Virtex-4 devices, combined with the portfolio of Xilinx pre-engineered IP solutions, are enabling system designers to build next-generation products faster than ever. Often these products involve bridging between multiple protocols, an application perfectly suited for FPGAs.

Figure 1 illustrates two examples of common bridging applications. The first FPGA bridges four SPI-3 (PL3) interfaces into a single SPI-4.2 interface, leveraging existing framers while also enabling support for the popular Intel IXP2800 network processor. The second FPGA bridges the SPI-4.2 interface to a backplane using the Virtex-4 embedded multi-gigabit transceivers. The Virtex-4 FX family supports a wide range of backplane applications, including PCI Express, XAUI, and Aurora.

To aid you in the development of your bridging applications, Xilinx provides a suite of application notes and reference designs. Leveraging the demonstration boards provided by Xilinx and its partners, you can complete these designs in hardware in a matter of hours or days, not weeks or months. Available under “Application Notes” at www.xilinx.com/support/library.htm, they include:

• Gigabit System Reference Design (XAPP 536)
• Gigabit Ethernet Aggregation to SPI-4.2 with Optional GFP-F Adaptation (XAPP 695)
• Mesh Fabric Reference Design (XAPP 698)
• Gigabit Ethernet to Aurora Bridge (XAPP 777)
• SPI-4.2 to Quad SPI-3 Bridge (XAPP 525)

SPI-4.2 to Quad SPI-3 Bridge
The outline of the SPI-4.2 to Quad SPI-3 bridge design is illustrated in Figure 2. This design not only converts electrical interfaces between SPI-3 and SPI-4.2, but also includes data buffering and width conversion, arbitration, and flow-control management.

For the dataflow from the SPI-3 to SPI- 4.2 interface, the bridge accumulates multiple streams of data (as many as four different SPI-3 interfaces) and generates a single output stream of SPI-4.2 data. A programmable amount of data is stored in each channel, and flow control from the SPI-4.2 interface determines the amount of data to transfer on each channel. Simple round-robin arbitration is implemented, but can easily be enhanced to provide more complex algorithms based on your system requirements.

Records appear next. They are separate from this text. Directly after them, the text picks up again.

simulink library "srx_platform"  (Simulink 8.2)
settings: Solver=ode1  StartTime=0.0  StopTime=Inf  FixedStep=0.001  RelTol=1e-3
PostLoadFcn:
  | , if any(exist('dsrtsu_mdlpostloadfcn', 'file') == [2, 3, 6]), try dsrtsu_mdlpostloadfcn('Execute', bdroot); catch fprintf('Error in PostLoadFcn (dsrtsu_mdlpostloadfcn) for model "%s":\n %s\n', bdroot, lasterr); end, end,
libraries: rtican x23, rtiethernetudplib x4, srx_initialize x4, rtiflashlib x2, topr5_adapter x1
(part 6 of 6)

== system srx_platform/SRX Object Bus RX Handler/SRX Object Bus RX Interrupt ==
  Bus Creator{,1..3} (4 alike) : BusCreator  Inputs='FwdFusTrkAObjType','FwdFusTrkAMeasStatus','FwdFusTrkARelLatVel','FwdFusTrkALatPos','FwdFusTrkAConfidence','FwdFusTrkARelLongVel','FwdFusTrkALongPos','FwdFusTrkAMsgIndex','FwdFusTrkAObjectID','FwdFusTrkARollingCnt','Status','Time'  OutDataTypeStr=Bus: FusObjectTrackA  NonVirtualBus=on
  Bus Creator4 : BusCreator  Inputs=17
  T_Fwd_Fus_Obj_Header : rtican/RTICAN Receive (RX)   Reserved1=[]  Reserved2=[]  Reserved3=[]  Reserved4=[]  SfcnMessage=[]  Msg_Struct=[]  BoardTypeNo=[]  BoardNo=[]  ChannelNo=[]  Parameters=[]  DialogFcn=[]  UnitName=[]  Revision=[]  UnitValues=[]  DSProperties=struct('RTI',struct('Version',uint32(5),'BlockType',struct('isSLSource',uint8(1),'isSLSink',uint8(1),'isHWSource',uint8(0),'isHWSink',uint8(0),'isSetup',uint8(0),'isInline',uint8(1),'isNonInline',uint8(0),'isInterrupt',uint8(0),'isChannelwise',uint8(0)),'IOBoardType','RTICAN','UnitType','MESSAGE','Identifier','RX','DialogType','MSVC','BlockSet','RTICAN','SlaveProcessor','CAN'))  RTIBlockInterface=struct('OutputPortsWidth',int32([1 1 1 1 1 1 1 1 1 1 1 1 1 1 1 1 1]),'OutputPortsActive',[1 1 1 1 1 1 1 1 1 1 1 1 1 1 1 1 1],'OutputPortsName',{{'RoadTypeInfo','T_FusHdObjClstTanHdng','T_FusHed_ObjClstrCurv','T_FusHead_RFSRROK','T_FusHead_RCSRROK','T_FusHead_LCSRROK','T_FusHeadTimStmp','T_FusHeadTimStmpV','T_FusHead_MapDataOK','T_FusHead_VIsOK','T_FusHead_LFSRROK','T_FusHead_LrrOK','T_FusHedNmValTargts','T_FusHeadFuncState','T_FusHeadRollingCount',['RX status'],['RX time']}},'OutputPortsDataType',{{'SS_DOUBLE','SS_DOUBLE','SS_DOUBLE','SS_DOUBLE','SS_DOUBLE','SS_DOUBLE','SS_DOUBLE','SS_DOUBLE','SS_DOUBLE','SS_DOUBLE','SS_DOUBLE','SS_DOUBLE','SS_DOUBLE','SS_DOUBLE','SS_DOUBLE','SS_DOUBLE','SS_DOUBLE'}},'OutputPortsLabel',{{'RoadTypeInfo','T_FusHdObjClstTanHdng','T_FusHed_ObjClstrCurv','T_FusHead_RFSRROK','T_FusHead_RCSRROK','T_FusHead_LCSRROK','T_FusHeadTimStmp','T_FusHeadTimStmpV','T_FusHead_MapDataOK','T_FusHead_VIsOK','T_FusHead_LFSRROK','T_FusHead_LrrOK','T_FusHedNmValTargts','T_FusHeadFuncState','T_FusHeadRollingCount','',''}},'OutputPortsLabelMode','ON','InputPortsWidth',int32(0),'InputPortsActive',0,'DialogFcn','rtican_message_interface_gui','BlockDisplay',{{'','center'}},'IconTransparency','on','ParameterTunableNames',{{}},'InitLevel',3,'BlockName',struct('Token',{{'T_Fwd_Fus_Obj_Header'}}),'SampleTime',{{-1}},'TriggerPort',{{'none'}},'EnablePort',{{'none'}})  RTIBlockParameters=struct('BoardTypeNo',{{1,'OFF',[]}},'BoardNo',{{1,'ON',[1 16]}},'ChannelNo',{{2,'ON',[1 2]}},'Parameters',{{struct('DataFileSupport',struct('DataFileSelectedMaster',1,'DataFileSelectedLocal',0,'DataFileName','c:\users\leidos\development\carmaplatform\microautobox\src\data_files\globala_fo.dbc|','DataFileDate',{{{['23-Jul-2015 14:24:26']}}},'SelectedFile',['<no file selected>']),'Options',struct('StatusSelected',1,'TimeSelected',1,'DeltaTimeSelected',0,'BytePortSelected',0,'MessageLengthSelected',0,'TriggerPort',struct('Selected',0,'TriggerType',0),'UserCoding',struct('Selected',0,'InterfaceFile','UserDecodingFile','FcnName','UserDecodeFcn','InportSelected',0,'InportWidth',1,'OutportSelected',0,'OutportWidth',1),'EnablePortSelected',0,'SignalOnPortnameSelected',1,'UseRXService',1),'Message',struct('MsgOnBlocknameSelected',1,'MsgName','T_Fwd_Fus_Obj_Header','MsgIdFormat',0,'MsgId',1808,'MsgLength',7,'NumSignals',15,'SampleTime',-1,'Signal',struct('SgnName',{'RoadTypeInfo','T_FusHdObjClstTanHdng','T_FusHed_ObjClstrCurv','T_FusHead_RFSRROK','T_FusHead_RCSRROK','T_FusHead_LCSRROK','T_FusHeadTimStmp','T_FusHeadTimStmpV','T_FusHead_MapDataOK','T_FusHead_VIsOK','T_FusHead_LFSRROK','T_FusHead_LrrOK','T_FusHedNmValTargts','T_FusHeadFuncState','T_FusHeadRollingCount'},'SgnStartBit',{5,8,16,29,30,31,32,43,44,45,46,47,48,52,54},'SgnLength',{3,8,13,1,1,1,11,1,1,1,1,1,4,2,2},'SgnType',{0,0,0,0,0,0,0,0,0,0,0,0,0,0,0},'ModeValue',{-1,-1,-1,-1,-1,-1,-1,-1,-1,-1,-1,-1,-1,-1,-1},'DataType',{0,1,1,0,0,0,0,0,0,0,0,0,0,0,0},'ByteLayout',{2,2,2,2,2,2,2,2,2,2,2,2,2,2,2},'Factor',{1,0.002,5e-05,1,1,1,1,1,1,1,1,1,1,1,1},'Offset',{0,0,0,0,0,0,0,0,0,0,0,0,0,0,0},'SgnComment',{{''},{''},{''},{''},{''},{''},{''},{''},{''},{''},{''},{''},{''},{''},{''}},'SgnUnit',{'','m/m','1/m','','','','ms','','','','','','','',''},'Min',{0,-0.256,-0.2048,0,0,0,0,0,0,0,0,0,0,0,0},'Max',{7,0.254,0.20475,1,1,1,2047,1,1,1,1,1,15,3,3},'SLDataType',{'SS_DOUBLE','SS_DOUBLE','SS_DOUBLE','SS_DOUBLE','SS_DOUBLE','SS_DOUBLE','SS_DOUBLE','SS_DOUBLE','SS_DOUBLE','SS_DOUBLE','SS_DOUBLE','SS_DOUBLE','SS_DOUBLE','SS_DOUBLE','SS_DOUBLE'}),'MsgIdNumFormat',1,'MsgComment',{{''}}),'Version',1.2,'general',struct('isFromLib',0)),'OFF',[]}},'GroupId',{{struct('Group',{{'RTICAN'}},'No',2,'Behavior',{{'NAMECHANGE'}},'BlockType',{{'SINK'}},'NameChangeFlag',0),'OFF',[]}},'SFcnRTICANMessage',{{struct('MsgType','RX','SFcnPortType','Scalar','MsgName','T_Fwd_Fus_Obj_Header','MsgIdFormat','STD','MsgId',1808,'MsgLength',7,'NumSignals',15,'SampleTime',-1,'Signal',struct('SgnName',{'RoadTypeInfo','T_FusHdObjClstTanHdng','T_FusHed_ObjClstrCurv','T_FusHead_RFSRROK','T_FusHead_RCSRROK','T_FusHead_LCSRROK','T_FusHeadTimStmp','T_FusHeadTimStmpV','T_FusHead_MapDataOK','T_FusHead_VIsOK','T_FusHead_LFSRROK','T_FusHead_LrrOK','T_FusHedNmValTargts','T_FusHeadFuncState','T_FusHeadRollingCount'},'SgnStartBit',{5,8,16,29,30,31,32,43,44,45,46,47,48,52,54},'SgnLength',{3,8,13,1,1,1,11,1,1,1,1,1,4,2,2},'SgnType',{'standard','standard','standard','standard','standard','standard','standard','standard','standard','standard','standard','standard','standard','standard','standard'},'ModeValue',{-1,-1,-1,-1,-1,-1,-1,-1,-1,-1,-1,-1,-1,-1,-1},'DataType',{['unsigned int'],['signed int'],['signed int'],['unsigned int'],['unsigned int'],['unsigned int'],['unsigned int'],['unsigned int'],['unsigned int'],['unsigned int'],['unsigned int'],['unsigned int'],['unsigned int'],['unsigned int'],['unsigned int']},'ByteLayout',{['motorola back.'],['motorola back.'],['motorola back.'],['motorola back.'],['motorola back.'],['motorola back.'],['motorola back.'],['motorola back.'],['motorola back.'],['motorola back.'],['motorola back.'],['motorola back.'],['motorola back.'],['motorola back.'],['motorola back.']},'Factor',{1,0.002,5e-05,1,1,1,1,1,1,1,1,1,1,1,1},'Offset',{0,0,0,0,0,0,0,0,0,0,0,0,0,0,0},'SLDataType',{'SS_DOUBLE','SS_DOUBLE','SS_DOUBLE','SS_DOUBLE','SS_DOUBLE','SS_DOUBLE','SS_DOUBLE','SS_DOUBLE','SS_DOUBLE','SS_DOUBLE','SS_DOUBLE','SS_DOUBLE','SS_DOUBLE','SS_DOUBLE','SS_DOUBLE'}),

In the SPI-4.2 to SPI-3 direction, the bridge de-multiplexes a single SPI-4.2 interface into individual channels, generating four separate SPI-3 output streams. A programmable amount of data is stored in each channel, and flow control from the SPI-3 interface determines the amount of data to transfer on each channel.

The reference design provides all of the required design files (in both VHDL and Verilog) to implement the bridge logic between the four SPI-3 cores and the SPI-4.2 core. The design supports a suite of parameters to customize the design based on user requirements. These include:

• FIFO thresholds to determine flowcontrol information
• Additional device/package information
• Static and dynamic alignment configurations of the SPI-4.2 core
• Configurable FIFO depths

System designers creating bridging applications outside of this SPI-3 to SPI-4.2 application will also find this reference design highly valuable. Per-channel data buffering, arbitration, and flow control are some examples of the features implemented by this bridge. The channelized FIFOs are created by the Xilinx FIFO Generator, which supports a suite of features including non-symmetric aspect ratios and first-word fall-through (FWFT). Non-symmetric aspect ratios enable easy width conversion between different data widths, and FWFT provides the ability to look ahead to the next word available from the FIFO without issuing a read operation. For more details on the FIFO Generator, see “Never Design Another FIFO,” also in this issue of the Xcell Journal.

IP Core Solutions
The SPI-3 and SPI-4.2 cores require high-speed I/O operation and tight timing to meet the OIF specifications. These cores easily meet these requirements through Virtex-4 ChipSync™ technology, enabling the use of the embedded I/O SERDES and dynamic phase alignment. This greatly alleviates the design complexities for SPI users, enabling them to focus on their system requirements instead of the SPI interfaces.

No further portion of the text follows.